### [Activity]
Transcribe exactly the lines that fall between the one holding "Obj_MovingState/1 -> HWA_Object_PreConfirm/5(Obj_MovingState)" and the one holding "Object_DY/1 -> HWA_Object_PreConfirm/8(Object_DY)", inclusive, from the entries below.

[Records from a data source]
# # #
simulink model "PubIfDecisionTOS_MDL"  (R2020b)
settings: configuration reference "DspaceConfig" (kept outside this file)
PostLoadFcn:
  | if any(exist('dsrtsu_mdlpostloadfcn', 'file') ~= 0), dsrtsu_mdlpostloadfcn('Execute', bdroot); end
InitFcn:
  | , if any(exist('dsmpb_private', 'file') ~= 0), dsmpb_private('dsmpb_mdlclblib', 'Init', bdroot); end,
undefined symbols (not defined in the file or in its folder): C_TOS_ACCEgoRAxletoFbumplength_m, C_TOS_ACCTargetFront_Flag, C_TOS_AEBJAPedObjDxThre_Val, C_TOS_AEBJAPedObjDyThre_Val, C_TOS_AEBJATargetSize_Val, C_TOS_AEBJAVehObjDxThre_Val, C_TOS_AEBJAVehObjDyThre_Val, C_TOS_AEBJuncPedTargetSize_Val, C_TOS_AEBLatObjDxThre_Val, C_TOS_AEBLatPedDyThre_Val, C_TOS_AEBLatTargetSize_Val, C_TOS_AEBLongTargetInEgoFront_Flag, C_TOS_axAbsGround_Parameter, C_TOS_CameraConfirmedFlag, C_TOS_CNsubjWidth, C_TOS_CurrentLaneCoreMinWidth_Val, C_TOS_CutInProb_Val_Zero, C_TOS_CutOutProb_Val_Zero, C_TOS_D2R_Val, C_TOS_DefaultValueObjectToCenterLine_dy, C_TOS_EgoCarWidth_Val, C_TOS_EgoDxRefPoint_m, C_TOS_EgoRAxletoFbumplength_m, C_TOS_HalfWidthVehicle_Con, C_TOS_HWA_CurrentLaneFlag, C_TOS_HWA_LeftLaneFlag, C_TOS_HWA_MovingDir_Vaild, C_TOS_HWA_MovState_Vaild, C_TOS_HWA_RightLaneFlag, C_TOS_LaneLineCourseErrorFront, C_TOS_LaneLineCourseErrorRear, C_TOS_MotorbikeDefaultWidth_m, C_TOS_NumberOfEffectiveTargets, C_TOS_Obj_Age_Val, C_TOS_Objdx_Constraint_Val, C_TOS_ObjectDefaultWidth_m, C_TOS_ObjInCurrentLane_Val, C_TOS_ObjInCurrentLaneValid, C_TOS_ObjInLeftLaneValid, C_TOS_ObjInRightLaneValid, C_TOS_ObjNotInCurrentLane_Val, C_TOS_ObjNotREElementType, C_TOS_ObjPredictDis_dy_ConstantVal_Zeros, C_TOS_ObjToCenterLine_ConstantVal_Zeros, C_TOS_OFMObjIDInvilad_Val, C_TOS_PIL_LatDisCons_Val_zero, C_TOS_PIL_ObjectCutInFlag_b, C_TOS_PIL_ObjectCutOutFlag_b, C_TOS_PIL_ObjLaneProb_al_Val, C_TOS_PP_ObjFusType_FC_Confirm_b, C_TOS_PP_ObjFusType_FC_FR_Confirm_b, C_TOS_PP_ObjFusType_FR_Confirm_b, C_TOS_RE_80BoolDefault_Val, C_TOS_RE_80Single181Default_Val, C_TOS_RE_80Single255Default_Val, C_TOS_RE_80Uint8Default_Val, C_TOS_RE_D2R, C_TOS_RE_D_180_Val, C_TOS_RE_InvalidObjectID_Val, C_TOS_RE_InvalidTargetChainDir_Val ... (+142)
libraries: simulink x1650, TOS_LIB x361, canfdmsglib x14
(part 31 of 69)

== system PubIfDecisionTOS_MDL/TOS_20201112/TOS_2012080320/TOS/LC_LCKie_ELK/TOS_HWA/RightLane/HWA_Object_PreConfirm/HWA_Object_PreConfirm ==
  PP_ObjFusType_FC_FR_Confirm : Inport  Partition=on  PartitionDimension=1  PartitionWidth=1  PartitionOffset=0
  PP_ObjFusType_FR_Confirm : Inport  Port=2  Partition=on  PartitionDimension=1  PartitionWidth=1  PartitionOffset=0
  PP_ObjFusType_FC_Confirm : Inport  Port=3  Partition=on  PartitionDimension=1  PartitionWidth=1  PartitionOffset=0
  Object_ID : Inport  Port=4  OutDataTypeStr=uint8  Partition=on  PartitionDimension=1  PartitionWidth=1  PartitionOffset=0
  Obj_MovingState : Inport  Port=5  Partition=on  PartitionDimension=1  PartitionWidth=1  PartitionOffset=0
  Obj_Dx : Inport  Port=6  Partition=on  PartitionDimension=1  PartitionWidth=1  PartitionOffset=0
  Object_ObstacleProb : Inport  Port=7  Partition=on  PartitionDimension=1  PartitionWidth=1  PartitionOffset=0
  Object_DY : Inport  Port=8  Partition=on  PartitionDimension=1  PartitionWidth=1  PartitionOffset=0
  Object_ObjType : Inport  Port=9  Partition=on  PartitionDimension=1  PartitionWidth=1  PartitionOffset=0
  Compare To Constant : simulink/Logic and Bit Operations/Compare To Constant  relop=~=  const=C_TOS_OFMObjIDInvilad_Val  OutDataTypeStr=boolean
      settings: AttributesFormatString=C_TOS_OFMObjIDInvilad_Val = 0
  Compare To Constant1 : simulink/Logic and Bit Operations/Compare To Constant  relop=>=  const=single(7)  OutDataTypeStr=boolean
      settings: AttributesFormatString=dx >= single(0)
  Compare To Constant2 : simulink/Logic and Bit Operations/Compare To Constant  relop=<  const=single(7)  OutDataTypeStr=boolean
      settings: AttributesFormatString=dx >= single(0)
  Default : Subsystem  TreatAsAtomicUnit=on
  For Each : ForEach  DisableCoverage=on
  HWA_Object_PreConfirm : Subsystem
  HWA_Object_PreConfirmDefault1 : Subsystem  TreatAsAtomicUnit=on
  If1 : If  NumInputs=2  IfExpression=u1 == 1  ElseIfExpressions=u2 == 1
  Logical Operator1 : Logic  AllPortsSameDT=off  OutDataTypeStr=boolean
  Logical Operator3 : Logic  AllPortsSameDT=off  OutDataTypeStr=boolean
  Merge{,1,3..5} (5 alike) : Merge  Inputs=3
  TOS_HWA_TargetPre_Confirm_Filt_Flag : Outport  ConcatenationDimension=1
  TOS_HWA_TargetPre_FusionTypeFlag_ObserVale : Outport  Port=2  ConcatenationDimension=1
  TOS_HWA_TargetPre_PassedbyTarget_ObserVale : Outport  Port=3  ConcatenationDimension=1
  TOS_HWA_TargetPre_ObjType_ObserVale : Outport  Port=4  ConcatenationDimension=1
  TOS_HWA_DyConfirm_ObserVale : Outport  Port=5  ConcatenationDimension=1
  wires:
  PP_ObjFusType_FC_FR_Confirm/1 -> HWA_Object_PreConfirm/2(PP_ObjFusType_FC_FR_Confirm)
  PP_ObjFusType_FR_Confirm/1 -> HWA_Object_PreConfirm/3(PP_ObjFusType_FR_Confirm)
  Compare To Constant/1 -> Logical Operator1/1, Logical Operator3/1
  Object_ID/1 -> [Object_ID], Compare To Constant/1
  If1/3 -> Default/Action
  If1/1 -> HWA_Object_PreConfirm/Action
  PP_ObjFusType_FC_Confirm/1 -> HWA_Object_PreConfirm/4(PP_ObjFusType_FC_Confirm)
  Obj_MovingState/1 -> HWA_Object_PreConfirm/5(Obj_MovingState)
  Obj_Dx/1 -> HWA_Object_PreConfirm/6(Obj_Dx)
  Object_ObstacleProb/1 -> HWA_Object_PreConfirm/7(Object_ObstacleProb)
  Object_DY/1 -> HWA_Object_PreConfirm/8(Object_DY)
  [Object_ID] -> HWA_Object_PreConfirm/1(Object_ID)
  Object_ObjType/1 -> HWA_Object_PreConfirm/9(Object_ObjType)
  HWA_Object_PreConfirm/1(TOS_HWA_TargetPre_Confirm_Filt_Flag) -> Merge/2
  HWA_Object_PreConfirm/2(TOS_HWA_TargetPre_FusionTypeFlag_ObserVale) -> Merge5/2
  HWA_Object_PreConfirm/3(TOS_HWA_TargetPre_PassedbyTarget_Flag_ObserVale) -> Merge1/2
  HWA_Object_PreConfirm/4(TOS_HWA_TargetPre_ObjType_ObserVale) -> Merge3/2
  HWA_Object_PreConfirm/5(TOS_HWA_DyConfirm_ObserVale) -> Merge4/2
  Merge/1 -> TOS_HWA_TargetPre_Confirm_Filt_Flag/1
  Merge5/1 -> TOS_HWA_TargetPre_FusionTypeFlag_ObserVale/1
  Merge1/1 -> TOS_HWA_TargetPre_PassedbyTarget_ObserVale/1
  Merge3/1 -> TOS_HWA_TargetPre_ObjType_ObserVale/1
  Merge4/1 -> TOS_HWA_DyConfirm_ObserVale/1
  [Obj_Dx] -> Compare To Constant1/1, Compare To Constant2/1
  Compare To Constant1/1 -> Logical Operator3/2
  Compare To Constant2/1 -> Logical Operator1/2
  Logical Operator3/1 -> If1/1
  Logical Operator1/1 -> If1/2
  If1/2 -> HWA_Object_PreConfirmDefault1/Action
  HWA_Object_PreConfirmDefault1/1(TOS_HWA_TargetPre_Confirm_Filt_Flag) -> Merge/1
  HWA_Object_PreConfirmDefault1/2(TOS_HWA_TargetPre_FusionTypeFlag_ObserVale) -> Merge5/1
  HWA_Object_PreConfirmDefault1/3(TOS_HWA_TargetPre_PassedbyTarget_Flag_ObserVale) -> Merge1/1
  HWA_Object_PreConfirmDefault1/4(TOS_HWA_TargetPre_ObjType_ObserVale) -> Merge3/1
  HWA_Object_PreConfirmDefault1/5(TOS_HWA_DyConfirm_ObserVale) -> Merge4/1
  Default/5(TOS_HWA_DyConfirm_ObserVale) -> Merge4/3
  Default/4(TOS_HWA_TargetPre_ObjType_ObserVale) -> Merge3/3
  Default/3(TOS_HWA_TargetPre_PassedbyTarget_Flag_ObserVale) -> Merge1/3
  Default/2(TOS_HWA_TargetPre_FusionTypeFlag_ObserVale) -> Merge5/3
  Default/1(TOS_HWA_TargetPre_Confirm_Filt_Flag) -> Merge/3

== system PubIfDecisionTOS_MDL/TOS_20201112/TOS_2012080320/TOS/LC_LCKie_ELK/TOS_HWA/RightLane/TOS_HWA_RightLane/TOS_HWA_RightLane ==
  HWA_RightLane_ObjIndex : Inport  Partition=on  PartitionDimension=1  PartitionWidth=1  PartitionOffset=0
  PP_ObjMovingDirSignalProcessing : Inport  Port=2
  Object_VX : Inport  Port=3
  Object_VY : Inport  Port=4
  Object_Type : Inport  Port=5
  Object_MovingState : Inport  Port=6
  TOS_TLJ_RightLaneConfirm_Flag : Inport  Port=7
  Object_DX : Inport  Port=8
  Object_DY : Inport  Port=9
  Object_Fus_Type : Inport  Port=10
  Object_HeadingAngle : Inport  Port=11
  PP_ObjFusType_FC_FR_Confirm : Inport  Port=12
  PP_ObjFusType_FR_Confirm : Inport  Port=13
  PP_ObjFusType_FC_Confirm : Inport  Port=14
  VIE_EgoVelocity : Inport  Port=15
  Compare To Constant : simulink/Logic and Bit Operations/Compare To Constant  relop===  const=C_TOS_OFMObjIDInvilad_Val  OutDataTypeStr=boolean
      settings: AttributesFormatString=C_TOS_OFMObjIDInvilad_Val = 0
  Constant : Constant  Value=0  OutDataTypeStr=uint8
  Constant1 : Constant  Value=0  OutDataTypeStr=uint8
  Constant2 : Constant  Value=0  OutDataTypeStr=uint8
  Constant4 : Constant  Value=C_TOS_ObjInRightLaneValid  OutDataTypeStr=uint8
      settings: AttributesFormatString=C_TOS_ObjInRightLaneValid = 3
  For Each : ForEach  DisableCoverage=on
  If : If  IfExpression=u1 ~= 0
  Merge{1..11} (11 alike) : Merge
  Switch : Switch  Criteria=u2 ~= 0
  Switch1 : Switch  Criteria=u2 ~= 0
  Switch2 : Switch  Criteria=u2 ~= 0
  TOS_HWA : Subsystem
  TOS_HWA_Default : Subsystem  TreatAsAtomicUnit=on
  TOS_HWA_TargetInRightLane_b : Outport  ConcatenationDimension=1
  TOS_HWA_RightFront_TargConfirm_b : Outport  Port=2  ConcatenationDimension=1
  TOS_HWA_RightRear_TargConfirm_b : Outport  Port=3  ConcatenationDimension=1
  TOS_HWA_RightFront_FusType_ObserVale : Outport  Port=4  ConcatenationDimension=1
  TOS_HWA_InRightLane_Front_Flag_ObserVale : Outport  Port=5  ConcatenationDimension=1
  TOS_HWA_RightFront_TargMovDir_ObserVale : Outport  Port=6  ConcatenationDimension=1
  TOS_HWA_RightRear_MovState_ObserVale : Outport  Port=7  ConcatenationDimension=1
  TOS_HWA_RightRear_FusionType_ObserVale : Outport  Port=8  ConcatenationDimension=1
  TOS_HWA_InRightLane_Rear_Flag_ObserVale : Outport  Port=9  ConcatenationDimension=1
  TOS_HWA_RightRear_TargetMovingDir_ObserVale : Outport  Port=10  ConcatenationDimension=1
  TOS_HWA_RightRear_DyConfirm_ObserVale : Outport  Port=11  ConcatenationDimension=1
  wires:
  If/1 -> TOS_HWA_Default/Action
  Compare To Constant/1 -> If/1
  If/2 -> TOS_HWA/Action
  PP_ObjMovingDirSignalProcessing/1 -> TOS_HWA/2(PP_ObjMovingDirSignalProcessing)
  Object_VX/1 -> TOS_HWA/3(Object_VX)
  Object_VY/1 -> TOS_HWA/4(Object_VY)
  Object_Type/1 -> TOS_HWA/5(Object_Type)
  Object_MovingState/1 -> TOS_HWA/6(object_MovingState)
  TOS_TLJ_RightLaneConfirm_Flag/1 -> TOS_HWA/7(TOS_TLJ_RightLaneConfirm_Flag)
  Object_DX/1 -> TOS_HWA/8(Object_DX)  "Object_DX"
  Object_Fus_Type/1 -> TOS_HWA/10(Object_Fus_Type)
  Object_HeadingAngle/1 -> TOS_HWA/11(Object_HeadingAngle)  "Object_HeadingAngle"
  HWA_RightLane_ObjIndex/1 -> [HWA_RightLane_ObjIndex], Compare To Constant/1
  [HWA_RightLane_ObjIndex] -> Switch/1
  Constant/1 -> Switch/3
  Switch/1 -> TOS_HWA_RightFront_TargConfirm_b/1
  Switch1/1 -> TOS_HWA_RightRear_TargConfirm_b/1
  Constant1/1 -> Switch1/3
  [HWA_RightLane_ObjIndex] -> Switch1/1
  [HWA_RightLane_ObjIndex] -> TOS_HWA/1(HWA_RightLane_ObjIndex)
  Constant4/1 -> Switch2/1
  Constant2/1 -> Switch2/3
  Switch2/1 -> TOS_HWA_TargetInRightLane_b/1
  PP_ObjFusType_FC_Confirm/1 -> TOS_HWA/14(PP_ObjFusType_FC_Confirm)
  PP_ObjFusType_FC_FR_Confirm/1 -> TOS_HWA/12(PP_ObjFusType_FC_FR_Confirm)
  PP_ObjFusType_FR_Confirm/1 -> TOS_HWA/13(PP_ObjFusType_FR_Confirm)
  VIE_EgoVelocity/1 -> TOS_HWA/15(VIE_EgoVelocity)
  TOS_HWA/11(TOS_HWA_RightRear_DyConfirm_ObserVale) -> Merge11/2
# # #
### [The answer]
  Obj_MovingState/1 -> HWA_Object_PreConfirm/5(Obj_MovingState)
  Obj_Dx/1 -> HWA_Object_PreConfirm/6(Obj_Dx)
  Object_ObstacleProb/1 -> HWA_Object_PreConfirm/7(Object_ObstacleProb)
  Object_DY/1 -> HWA_Object_PreConfirm/8(Object_DY)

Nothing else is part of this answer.